# [Requirement]
In the entries below, find the line containing "Text('bible', F5_TEXT_SIZE, font='Open". Copy it and all lines after it, exactly, through the end.

(Beginning of Data extract)

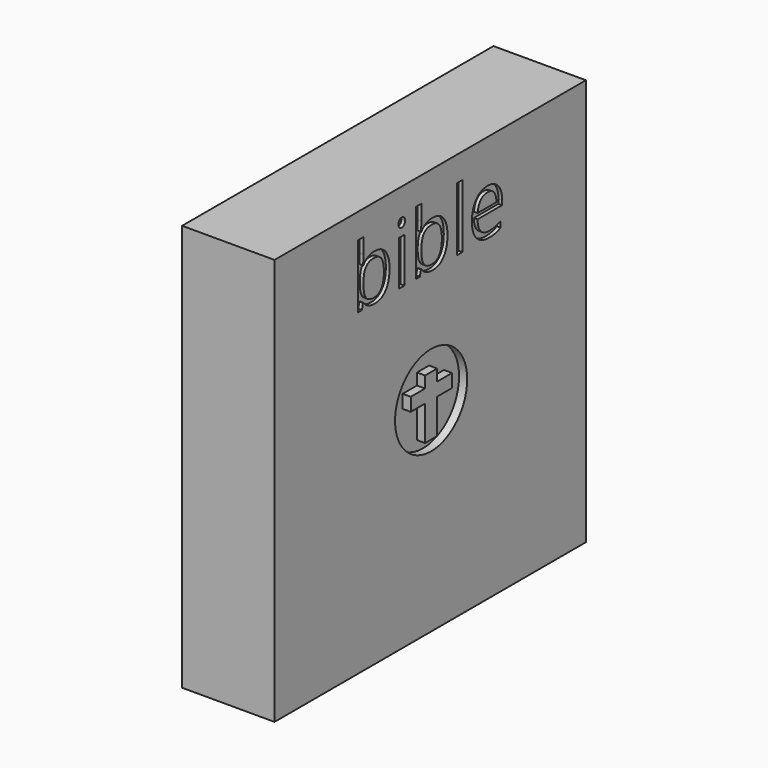
from build123d import *

# Parameters (mm, degrees)
F0_W         = 105.2752286196
F0_H         = 110.0229360163
F1_DEPTH     = 12.5
F3_R         = 12.20057076
F4_DEPTH     = 27.2
F5_TEXT_SIZE = 22.6293121361
F6_DEPTH     = 26


# Not quite as in the source:
# - Text() gives the source's letters only with a copy of the font that has no kerning and outlines rounded to 1/6400 em; it was checked with that copy


with BuildPart() as f1:
    # F0 (on Right) → F1 (new body, symmetric)
    with BuildSketch(Plane.YZ):
        with Locations((-0.3096349537, -0.1032110304)):
            Rectangle(F0_W, F0_H)
    extrude(amount=F1_DEPTH, both=True)

    # F3 (on offset) → F4 (cut)
    with BuildSketch(Plane.YZ.offset(37.5)):
        Circle(F3_R)
        Polygon((-2.0366383251, 3.5883623641), (-2.0366383251, 6.691810675), (2.0366383251, 6.691810675), (2.0366383251, 3.5883623641), (7.0797409862, 3.5883623641), (7.0797409862, 0), (2.0366383251, 0), (2.0366383251, -9.4073284417), (-2.0366383251, -9.4073284417), (-2.0366383251, 0), (-6.8857762963, 0), (-6.8857762963, 3.5883623641), align=None, mode=Mode.SUBTRACT)
    extrude(amount=-F4_DEPTH, mode=Mode.SUBTRACT)

    # F5 (on offset) → F6 (cut)
    with BuildSketch(Plane.YZ.offset(37.5)):
        with Locations((-26.6702575609, 30.937500298)):
            Text('bible', F5_TEXT_SIZE, font='Open Sans', text_align=(TextAlign.LEFT, TextAlign.BOTTOM))
    extrude(amount=-F6_DEPTH, mode=Mode.SUBTRACT)


solid = f1.part

(End of Data extract)

# [Answer section]
            Text('bible', F5_TEXT_SIZE, font='Open Sans', text_align=(TextAlign.LEFT, TextAlign.BOTTOM))
    extrude(amount=-F6_DEPTH, mode=Mode.SUBTRACT)


solid = f1.part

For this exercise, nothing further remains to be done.